What is expected
Search the entries below. Return every line that has "radius" in it.

Stored entries
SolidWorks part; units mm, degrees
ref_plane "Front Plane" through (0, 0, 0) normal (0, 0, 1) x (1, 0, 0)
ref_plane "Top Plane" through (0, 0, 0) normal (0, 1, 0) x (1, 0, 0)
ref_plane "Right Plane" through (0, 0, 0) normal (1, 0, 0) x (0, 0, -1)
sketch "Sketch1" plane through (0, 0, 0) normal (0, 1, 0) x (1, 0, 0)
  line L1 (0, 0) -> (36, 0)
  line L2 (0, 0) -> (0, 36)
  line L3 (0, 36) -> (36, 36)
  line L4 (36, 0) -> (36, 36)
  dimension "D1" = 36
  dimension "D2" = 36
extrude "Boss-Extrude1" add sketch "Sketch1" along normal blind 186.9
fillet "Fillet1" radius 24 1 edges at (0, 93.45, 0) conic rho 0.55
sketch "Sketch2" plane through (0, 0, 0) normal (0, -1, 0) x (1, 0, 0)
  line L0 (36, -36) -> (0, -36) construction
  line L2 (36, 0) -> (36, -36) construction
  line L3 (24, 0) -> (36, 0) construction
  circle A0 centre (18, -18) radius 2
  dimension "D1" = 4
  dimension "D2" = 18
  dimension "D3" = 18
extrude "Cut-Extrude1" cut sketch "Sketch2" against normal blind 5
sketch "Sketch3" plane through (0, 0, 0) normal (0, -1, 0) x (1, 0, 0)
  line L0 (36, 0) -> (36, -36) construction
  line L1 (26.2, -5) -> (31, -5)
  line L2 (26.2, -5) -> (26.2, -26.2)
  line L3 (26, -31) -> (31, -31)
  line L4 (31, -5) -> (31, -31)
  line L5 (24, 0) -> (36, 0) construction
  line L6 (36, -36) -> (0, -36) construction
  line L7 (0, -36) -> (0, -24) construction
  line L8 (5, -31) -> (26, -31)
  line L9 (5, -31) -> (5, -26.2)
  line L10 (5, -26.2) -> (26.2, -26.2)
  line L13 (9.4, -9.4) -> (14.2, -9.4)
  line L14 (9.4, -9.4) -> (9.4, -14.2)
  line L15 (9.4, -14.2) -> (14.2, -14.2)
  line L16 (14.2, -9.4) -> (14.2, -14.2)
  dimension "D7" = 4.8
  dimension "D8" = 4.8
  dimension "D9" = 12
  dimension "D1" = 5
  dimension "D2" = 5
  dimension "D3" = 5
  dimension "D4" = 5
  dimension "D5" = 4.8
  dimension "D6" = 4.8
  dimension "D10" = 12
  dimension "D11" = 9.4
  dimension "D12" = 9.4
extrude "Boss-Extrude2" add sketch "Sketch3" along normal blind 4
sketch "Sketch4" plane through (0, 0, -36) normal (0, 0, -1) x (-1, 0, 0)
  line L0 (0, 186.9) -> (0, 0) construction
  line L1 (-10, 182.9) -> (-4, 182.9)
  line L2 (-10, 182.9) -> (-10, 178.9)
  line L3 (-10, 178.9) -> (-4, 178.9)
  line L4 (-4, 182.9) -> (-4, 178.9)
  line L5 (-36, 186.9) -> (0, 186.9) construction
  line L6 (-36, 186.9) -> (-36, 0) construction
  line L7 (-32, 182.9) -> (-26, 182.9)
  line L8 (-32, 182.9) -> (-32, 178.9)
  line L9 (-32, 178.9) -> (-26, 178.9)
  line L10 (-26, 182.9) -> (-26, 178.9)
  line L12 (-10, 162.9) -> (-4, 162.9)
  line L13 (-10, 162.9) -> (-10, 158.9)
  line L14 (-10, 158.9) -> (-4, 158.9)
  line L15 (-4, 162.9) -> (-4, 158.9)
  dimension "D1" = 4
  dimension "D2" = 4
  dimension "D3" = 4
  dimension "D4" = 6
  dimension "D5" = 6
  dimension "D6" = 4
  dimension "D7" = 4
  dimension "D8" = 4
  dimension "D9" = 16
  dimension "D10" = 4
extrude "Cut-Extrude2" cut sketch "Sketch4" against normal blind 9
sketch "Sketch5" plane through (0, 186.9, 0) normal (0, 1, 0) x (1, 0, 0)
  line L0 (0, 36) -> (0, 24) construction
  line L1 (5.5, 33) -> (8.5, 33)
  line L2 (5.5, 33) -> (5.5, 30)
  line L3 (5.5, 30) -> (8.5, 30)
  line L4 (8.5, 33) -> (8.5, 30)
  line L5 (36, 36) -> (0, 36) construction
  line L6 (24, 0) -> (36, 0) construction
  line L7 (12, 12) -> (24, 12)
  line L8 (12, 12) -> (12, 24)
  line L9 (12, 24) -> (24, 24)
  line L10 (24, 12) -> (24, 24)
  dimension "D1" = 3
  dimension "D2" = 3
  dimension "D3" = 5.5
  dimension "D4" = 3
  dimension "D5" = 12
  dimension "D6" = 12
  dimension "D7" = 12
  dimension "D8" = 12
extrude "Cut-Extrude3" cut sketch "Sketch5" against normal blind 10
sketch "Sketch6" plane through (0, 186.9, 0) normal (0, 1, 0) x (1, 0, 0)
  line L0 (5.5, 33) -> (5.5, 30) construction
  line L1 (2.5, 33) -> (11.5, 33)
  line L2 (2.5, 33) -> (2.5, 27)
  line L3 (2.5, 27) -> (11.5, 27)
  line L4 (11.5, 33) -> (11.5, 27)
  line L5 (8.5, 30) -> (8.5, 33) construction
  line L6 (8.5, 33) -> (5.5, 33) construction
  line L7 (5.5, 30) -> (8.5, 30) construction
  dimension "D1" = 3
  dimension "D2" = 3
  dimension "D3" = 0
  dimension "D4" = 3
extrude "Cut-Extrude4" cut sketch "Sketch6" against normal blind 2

Your solution
fillet "Fillet1" radius 24 1 edges at (0, 93.45, 0) conic rho 0.55
  circle A0 centre (18, -18) radius 2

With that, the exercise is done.